PROBLEM STATEMENT: Of the lines listed below, return exactly those that run from the line containing "import ezdxf" through the line containing "color=7, linetype='Continuous', lineweight=50)", both included.

################

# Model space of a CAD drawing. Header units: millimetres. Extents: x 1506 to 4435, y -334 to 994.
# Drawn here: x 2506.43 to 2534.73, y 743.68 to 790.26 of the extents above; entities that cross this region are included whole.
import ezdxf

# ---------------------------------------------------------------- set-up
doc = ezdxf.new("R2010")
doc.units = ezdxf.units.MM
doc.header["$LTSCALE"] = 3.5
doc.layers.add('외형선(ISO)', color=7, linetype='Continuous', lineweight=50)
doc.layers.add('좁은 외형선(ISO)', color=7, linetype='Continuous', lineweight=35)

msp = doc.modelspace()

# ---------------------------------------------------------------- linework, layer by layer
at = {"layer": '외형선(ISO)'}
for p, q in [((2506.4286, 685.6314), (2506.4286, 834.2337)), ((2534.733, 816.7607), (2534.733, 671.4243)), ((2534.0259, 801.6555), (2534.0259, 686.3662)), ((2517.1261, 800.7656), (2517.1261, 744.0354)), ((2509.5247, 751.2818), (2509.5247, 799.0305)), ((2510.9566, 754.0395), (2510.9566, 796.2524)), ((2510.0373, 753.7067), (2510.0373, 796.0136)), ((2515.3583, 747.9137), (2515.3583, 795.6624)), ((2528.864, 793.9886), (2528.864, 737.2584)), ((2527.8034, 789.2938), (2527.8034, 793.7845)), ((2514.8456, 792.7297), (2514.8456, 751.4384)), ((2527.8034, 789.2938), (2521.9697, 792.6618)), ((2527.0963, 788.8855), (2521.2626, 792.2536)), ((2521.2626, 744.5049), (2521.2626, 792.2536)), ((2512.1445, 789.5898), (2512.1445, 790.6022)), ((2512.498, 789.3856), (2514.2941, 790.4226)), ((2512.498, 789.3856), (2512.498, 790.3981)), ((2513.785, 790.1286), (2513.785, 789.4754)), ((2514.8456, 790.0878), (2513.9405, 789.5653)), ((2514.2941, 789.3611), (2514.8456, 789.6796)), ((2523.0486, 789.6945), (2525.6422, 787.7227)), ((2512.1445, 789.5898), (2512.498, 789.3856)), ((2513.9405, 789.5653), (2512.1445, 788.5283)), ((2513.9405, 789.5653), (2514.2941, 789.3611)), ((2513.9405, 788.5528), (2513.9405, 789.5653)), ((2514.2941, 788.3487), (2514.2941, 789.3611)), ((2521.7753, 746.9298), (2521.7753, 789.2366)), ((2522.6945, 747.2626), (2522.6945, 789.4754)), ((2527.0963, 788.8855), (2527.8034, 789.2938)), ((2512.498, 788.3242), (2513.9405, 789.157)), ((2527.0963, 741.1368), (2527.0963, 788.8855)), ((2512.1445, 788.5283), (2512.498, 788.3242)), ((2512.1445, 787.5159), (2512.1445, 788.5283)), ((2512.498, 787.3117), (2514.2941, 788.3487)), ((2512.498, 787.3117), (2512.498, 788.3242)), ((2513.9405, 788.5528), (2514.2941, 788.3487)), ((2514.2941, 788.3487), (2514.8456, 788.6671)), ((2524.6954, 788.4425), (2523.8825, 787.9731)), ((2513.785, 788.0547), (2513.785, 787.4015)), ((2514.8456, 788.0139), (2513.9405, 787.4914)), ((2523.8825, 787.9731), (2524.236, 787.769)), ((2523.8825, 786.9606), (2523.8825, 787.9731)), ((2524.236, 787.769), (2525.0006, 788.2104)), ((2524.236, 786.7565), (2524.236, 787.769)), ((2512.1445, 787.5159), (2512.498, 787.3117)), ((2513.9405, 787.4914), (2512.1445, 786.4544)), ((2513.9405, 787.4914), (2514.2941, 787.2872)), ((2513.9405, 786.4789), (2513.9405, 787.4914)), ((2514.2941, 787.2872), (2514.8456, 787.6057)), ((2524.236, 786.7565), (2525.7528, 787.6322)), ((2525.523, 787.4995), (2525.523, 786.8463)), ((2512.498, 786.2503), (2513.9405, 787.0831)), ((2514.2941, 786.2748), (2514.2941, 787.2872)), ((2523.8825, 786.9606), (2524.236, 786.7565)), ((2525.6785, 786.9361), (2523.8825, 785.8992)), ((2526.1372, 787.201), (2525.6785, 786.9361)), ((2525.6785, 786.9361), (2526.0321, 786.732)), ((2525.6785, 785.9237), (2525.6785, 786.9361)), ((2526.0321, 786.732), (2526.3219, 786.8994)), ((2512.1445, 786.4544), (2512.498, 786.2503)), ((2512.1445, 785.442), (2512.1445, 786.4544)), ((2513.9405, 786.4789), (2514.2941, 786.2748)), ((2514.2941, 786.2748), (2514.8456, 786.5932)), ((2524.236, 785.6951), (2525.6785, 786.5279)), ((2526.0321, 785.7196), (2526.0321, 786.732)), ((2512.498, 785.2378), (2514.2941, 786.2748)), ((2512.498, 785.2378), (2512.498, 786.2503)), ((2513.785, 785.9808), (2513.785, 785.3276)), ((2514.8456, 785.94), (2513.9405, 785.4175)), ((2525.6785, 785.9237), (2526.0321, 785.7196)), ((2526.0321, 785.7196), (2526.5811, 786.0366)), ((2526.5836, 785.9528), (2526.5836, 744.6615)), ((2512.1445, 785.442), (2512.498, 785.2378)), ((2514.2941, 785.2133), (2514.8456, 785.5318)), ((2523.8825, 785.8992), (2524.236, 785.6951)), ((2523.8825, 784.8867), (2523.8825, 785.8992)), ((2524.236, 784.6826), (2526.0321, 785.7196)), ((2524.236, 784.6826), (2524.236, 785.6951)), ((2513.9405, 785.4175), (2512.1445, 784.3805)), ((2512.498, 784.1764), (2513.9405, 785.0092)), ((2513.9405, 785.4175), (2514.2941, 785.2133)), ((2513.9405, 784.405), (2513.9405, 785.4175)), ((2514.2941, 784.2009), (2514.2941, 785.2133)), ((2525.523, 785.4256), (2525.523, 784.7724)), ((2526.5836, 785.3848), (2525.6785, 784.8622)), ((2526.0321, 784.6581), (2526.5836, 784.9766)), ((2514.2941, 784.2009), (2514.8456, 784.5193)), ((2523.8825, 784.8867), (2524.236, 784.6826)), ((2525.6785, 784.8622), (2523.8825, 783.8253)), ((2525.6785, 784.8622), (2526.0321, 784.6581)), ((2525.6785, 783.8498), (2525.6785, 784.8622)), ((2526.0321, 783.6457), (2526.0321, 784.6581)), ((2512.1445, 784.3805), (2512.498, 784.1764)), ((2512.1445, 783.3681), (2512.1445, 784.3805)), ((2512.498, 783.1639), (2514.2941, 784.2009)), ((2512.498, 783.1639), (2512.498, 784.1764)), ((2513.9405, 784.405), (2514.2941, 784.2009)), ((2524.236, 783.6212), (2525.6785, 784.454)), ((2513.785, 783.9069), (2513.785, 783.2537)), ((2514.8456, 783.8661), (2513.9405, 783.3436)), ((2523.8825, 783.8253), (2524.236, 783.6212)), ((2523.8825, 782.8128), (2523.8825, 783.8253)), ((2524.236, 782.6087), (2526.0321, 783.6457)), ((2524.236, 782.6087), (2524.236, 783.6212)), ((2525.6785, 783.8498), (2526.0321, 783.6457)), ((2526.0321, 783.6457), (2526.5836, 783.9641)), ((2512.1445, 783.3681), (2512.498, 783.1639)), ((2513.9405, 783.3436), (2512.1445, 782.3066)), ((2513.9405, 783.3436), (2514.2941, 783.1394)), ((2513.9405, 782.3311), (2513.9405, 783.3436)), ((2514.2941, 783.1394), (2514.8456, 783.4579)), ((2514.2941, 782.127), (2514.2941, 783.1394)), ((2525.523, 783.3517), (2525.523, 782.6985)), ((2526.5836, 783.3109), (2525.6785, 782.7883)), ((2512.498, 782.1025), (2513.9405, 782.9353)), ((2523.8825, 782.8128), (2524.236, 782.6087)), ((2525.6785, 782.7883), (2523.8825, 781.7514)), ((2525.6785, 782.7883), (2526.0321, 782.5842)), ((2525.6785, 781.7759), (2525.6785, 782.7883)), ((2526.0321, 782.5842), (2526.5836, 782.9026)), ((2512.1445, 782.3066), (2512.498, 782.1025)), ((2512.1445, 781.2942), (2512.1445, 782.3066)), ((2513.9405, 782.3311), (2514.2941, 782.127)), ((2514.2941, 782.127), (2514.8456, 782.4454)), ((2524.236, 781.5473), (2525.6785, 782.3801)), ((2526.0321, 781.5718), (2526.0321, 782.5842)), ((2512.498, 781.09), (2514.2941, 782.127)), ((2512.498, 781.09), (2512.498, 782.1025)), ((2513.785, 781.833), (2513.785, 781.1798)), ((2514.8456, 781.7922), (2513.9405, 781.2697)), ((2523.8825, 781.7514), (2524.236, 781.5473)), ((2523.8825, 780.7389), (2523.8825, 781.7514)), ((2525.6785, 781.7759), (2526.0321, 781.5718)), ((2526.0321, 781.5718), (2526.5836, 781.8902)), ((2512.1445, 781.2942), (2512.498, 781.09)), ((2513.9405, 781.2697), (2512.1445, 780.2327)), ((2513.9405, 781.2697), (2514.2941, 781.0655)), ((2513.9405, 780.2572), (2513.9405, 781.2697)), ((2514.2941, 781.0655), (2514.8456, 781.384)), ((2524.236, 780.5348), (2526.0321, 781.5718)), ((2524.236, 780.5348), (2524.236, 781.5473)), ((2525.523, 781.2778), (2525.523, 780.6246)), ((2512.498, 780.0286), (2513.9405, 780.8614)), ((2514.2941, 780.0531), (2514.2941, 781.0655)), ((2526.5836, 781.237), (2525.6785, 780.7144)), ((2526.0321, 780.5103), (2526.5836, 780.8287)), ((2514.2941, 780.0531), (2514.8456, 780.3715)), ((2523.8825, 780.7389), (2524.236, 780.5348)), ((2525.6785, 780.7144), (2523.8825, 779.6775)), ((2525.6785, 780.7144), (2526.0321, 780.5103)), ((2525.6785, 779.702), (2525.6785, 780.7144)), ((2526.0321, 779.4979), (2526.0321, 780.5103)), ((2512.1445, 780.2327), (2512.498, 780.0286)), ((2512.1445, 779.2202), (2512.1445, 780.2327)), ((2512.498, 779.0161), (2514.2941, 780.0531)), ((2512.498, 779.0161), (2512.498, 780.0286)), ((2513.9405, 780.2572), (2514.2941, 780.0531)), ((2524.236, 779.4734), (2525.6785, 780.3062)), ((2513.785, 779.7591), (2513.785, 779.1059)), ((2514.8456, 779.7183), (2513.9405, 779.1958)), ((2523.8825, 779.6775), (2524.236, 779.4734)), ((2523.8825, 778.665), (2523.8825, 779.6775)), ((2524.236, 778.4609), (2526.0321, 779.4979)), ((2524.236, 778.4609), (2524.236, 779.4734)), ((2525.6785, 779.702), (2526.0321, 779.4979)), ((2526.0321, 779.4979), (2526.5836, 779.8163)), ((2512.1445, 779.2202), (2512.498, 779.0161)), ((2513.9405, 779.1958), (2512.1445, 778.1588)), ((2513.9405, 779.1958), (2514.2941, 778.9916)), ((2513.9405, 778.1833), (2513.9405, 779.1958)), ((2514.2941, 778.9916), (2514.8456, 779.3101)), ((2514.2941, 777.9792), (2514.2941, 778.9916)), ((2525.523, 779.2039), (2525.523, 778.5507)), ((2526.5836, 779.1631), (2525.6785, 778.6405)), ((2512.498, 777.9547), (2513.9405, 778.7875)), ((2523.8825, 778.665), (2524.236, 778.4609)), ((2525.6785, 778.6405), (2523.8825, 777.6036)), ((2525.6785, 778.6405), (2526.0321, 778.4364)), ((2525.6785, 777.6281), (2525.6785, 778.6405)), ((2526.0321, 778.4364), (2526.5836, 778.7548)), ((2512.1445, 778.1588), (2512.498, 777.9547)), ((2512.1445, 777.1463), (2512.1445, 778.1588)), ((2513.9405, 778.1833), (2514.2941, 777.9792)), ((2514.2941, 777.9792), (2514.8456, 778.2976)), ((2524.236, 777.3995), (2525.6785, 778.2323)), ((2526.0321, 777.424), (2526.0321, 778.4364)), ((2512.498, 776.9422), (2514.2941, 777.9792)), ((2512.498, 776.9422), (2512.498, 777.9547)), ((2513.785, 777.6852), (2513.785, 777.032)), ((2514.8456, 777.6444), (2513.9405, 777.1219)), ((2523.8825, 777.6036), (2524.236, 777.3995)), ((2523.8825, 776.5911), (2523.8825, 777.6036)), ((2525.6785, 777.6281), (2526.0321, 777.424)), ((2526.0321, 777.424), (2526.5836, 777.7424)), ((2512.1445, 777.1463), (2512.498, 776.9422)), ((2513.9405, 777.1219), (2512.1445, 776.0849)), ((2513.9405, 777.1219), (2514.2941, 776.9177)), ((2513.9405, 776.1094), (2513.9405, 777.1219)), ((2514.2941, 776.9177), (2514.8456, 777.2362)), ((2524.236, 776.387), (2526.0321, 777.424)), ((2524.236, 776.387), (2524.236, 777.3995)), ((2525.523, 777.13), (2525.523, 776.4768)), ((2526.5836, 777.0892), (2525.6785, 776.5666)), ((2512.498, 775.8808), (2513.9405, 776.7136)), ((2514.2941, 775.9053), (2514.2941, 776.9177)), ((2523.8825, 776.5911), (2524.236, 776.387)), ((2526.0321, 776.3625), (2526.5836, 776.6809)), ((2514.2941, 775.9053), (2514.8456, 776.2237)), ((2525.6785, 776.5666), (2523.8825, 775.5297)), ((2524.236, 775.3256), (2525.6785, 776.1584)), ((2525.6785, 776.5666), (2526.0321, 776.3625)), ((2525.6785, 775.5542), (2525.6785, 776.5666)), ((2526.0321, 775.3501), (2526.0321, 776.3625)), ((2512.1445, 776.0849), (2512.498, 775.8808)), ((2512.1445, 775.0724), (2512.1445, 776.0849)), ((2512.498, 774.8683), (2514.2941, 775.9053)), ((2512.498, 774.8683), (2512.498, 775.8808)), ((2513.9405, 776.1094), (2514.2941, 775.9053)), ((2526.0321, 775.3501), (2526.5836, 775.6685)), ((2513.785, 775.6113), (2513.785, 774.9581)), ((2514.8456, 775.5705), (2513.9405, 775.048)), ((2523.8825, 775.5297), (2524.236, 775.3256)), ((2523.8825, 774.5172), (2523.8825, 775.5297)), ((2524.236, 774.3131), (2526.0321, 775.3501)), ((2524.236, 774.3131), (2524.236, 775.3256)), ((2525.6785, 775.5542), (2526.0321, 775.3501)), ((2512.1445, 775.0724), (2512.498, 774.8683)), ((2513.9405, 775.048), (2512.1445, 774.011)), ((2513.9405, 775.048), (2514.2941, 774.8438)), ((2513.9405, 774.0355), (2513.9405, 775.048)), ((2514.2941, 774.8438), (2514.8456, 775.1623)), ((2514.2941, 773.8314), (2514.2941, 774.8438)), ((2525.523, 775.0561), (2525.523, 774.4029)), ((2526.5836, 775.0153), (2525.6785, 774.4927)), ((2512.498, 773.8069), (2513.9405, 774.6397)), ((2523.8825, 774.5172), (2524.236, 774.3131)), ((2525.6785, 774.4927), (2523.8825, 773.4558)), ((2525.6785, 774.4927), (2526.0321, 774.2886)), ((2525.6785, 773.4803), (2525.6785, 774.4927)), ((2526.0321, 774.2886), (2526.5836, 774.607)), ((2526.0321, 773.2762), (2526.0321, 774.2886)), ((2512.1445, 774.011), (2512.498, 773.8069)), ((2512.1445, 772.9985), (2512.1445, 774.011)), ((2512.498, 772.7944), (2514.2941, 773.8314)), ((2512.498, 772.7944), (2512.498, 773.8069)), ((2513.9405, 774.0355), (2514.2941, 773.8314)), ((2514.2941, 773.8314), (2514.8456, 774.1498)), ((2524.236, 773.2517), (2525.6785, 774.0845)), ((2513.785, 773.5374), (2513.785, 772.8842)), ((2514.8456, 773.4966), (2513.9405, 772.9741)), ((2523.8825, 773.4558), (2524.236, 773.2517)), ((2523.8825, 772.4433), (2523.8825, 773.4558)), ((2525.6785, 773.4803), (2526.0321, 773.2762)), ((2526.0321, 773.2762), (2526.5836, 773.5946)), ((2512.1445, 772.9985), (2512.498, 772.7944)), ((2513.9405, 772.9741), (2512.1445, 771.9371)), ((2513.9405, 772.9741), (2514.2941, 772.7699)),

################

TASK RESULT:
import ezdxf

# ---------------------------------------------------------------- set-up
doc = ezdxf.new("R2010")
doc.units = ezdxf.units.MM
doc.header["$LTSCALE"] = 3.5
doc.layers.add('외형선(ISO)', color=7, linetype='Continuous', lineweight=50)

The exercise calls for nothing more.